● **Items listed in a dataset**
»»
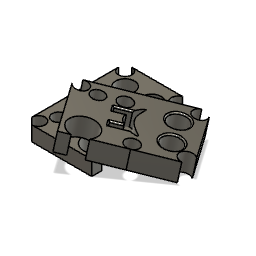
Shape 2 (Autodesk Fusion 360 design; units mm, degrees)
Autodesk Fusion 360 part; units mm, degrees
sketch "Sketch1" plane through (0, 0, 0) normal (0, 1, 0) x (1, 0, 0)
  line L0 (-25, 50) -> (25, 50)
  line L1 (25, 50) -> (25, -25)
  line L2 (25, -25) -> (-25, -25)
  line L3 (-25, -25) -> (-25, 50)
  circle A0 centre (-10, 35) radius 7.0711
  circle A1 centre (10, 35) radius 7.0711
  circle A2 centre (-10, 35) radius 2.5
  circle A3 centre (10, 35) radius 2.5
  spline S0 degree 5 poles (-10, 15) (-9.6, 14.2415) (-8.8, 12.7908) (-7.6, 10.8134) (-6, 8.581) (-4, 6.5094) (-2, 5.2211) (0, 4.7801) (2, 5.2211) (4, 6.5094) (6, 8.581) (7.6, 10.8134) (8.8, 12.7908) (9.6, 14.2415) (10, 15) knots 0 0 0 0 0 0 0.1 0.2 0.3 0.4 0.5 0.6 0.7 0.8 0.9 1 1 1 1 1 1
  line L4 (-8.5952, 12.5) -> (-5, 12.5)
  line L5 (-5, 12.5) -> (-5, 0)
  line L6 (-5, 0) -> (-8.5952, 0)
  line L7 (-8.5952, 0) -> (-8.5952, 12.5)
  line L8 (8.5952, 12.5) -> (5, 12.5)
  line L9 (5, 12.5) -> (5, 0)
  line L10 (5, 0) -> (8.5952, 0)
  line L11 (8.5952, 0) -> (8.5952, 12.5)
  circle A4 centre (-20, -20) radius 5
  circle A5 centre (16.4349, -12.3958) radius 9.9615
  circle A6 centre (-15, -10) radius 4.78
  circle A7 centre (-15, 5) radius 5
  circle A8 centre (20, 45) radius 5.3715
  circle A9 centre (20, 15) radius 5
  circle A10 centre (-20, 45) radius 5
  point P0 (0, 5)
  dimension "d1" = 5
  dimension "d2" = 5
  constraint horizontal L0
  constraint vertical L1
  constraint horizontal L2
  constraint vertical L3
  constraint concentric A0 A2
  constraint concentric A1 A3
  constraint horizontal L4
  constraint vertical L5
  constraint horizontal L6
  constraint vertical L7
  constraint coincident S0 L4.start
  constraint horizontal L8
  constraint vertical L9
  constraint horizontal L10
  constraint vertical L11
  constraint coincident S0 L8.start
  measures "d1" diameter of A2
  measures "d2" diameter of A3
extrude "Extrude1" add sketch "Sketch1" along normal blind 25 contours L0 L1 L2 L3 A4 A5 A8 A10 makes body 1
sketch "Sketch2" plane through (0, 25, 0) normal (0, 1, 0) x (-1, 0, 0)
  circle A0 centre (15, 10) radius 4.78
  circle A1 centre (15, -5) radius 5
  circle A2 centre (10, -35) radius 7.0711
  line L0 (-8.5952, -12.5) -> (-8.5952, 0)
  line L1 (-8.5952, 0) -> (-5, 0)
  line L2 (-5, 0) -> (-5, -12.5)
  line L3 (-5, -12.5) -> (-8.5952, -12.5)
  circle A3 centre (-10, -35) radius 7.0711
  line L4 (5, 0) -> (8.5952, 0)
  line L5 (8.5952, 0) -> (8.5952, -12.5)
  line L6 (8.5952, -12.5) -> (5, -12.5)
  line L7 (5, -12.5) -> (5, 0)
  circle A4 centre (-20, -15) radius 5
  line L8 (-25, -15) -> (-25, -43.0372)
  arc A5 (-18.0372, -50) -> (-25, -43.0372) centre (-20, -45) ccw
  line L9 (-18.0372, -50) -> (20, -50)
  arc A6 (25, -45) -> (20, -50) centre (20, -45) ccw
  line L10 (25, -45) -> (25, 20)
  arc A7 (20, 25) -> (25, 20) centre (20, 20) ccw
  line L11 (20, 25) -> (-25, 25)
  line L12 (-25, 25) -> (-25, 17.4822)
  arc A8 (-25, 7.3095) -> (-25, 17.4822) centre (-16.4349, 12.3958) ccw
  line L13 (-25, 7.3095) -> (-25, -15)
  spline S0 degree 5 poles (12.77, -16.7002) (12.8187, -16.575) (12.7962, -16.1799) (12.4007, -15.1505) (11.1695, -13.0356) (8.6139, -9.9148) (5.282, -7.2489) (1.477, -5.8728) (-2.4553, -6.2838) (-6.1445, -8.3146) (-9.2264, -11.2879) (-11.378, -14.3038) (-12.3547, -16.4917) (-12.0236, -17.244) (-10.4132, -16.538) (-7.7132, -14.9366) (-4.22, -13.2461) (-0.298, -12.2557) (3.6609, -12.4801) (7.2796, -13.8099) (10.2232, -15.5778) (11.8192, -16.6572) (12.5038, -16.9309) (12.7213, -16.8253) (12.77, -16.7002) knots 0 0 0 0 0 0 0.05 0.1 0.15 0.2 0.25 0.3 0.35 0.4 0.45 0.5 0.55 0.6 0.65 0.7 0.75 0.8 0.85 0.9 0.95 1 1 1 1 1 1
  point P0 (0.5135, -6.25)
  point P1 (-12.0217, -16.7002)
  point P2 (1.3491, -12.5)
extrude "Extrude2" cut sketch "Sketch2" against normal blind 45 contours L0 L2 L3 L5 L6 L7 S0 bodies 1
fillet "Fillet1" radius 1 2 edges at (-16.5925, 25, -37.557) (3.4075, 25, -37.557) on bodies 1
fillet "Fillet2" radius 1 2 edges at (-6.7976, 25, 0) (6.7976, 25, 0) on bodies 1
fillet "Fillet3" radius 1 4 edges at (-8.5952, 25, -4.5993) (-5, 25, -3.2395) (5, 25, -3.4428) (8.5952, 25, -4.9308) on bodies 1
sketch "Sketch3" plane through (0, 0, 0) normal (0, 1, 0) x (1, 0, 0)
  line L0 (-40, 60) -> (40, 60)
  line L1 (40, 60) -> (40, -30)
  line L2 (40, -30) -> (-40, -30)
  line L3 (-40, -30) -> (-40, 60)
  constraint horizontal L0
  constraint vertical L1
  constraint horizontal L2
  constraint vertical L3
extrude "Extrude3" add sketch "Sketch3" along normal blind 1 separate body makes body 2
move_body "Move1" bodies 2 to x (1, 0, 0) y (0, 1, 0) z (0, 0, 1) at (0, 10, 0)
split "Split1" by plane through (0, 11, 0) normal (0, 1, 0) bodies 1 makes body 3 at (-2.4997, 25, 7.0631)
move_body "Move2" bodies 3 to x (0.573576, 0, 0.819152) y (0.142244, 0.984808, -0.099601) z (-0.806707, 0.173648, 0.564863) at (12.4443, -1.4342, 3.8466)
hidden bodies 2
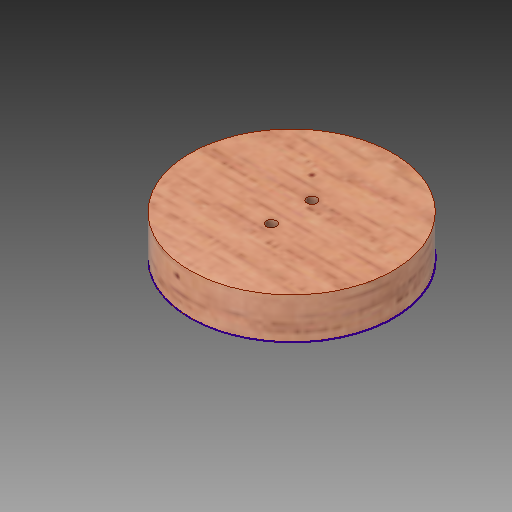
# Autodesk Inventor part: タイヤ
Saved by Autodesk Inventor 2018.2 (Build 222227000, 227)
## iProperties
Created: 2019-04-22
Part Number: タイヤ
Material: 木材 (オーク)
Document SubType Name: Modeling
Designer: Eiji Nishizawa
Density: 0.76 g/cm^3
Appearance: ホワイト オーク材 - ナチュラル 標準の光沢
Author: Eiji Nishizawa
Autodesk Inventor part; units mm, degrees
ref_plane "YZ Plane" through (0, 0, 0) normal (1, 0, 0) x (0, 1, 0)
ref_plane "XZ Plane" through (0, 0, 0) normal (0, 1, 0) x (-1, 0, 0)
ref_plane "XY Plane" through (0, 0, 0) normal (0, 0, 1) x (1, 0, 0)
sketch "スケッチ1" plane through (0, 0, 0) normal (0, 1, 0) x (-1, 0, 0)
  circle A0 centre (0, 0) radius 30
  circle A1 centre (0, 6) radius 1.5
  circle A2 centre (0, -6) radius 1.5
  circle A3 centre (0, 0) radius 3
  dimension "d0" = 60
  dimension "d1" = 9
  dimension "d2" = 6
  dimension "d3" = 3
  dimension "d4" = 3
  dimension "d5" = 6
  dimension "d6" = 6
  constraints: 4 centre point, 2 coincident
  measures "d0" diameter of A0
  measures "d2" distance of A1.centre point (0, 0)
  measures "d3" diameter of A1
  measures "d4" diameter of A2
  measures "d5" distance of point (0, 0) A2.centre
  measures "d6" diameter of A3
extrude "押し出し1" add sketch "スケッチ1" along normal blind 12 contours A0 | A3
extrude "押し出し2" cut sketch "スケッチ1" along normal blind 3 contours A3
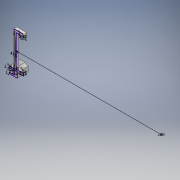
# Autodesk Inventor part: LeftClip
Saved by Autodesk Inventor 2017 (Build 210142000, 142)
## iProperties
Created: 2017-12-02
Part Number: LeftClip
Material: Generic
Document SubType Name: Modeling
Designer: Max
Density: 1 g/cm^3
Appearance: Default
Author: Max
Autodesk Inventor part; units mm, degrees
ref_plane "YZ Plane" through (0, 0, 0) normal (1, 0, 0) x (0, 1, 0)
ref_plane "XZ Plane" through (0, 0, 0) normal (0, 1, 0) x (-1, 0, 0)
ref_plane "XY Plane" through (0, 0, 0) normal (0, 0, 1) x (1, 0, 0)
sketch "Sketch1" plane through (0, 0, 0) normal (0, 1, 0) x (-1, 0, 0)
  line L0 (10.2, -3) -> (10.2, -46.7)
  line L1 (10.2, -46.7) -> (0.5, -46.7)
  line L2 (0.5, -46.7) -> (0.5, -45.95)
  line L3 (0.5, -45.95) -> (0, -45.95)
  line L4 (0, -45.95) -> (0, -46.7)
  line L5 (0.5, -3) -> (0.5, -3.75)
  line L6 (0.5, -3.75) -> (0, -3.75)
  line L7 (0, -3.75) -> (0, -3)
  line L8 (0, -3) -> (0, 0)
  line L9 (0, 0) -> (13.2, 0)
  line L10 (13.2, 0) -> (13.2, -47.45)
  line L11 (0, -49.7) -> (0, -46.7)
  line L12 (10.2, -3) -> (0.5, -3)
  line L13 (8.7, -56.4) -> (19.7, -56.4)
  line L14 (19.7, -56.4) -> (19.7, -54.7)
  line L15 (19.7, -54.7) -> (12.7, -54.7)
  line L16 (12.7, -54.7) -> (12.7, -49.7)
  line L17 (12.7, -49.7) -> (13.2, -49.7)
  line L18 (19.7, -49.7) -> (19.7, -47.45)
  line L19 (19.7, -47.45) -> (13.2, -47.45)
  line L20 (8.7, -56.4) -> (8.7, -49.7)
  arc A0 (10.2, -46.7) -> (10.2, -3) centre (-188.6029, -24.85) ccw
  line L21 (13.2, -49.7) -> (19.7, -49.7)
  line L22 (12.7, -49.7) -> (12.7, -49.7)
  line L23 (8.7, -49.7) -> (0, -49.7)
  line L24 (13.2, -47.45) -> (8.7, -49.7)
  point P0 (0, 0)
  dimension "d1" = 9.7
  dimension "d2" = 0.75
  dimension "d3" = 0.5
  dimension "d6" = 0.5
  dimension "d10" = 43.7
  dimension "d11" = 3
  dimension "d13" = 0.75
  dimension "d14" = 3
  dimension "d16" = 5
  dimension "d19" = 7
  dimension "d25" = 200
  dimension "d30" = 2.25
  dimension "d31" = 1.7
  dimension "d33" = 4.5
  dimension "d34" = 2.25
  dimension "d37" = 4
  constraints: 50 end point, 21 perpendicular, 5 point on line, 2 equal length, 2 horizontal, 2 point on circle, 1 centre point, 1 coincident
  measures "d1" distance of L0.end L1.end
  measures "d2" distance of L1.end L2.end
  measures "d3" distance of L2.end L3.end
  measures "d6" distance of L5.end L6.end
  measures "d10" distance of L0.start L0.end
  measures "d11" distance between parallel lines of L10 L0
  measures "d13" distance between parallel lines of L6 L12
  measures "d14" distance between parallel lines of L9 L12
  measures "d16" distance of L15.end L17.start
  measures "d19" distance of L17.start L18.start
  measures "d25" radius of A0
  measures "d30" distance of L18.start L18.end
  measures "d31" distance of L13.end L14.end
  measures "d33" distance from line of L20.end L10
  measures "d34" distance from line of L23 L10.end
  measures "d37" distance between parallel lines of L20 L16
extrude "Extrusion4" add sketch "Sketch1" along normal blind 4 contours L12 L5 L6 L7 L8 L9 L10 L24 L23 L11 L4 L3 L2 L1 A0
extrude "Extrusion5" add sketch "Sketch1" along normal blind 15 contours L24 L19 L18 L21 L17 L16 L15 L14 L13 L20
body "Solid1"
««
What is needed is each line of the entries that contains the word "Build".

● **Completed task**
Saved by Autodesk Inventor 2018.2 (Build 222227000, 227)
Saved by Autodesk Inventor 2017 (Build 210142000, 142)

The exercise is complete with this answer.